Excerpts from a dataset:

———

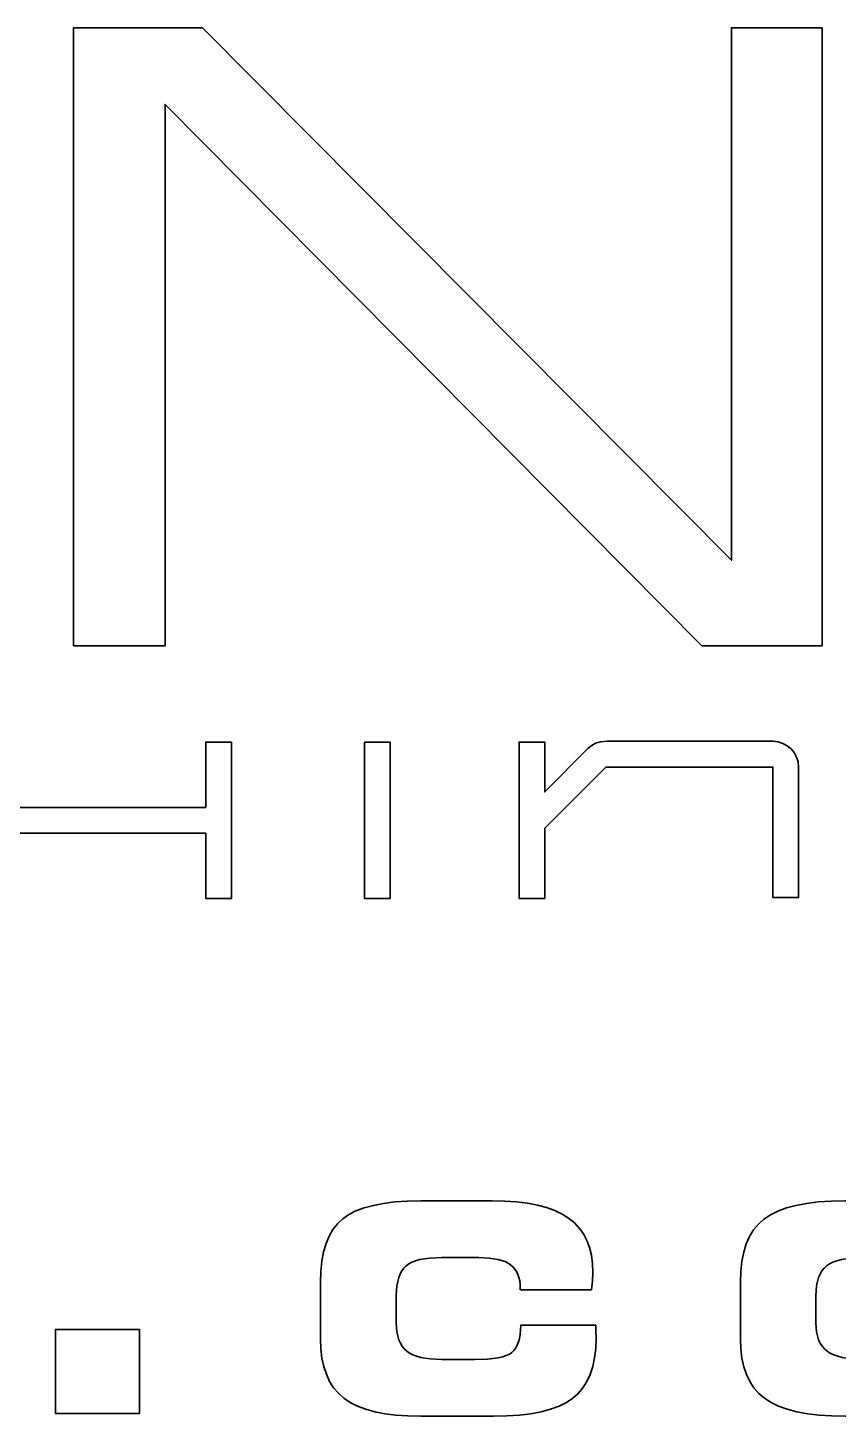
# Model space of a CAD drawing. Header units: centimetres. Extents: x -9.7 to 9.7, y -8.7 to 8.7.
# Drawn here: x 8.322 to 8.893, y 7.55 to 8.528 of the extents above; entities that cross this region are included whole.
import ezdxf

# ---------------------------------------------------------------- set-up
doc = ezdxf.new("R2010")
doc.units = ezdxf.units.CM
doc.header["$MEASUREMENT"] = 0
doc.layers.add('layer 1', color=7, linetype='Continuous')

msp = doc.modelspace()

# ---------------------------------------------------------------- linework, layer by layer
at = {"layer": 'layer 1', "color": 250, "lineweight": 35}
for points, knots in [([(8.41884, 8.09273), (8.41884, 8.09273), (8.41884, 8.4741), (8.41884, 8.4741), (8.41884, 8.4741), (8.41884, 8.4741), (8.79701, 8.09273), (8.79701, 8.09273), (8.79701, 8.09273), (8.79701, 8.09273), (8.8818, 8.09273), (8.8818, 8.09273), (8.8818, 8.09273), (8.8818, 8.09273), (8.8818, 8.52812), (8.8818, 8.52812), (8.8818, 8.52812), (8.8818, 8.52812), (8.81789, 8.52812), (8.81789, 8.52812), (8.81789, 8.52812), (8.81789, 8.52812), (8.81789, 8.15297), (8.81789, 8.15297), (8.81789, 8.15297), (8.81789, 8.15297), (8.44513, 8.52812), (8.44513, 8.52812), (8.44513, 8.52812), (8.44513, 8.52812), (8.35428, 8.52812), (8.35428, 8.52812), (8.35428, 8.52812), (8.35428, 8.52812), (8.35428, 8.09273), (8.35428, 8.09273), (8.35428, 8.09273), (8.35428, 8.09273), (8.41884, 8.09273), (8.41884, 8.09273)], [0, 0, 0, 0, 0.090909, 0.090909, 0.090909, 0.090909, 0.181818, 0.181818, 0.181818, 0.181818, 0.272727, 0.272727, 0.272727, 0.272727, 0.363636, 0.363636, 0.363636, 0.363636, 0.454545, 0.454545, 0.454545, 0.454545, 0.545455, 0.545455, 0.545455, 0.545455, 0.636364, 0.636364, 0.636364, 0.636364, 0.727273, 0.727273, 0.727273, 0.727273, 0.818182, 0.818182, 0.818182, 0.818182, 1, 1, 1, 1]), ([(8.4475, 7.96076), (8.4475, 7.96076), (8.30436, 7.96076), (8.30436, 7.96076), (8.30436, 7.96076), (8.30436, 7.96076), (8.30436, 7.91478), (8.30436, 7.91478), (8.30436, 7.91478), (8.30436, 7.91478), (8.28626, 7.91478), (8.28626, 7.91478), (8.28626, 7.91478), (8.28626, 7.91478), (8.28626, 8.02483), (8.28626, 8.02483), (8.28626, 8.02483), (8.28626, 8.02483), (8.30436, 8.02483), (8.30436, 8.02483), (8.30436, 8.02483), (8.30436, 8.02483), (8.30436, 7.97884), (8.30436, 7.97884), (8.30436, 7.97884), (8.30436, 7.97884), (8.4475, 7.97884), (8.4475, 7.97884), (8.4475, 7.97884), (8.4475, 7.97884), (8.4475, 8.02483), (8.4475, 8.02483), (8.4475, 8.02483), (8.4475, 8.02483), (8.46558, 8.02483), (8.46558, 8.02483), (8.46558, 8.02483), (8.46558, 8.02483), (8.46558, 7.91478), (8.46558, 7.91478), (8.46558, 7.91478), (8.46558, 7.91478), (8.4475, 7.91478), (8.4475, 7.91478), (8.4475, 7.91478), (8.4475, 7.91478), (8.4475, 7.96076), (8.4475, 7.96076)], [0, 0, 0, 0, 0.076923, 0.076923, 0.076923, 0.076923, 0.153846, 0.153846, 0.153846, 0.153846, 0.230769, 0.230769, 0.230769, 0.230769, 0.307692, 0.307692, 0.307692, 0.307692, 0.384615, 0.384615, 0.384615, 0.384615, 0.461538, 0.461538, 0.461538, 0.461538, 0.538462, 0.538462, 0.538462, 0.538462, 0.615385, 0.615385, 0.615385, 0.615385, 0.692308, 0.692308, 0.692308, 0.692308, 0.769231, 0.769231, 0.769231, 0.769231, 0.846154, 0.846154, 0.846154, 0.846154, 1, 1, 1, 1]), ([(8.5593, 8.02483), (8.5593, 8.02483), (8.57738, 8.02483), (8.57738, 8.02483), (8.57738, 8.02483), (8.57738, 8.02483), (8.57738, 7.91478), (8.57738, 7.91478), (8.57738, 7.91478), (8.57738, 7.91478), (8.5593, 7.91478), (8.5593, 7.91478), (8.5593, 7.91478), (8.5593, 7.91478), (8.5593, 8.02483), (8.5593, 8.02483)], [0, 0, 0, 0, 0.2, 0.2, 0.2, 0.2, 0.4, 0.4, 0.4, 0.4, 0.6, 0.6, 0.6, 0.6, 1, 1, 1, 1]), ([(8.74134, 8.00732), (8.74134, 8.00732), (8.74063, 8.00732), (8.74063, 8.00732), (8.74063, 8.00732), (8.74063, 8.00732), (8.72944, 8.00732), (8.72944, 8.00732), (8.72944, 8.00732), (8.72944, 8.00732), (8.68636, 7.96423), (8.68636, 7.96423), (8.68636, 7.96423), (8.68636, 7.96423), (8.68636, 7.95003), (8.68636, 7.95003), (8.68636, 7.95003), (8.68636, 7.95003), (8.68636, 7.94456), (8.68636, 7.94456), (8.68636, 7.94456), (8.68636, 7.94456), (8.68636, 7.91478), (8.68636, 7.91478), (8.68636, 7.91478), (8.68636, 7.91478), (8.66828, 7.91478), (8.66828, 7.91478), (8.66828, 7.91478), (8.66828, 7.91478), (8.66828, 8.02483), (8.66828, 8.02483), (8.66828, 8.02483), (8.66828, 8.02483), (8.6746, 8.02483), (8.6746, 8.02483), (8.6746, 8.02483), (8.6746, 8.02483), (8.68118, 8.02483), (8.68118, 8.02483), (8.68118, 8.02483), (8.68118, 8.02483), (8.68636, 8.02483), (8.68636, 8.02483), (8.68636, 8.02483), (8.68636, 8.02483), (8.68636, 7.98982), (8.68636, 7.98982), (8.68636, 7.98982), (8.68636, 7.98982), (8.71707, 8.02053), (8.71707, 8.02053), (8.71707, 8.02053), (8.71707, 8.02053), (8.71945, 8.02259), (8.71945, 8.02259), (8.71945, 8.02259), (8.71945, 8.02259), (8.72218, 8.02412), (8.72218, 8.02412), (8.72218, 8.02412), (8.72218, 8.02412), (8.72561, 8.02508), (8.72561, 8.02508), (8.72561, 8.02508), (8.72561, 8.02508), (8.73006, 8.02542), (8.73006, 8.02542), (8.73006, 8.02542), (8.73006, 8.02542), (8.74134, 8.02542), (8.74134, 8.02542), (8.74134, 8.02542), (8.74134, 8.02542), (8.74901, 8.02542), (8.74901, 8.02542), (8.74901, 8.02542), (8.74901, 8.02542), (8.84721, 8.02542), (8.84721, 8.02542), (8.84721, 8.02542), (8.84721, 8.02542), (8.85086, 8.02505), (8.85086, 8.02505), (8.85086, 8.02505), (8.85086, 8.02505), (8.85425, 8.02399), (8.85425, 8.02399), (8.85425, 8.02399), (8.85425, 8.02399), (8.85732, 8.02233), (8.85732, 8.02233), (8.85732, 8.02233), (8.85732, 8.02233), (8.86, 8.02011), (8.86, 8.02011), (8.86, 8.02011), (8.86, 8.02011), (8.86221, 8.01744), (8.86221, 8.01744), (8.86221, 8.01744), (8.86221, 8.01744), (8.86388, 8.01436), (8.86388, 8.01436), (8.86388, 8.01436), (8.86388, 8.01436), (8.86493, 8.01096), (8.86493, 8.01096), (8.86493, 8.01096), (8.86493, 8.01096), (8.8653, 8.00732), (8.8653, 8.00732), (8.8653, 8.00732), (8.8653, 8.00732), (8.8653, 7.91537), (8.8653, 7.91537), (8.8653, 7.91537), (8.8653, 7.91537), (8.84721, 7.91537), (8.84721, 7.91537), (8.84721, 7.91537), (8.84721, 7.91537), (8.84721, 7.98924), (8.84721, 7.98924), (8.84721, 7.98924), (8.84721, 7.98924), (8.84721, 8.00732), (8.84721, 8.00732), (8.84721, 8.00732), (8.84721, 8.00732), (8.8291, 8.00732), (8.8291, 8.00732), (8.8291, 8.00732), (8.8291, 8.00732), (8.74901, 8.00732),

———

How to complete this task
Write out nothing but the lines from the start of the data through the line with "layer by layer". Leave out the pictures.

Reply to the task
# Model space of a CAD drawing. Header units: centimetres. Extents: x -9.7 to 9.7, y -8.7 to 8.7.
# Drawn here: x 8.322 to 8.893, y 7.55 to 8.528 of the extents above; entities that cross this region are included whole.
import ezdxf

# ---------------------------------------------------------------- set-up
doc = ezdxf.new("R2010")
doc.units = ezdxf.units.CM
doc.header["$MEASUREMENT"] = 0
doc.layers.add('layer 1', color=7, linetype='Continuous')

msp = doc.modelspace()

# ---------------------------------------------------------------- linework, layer by layer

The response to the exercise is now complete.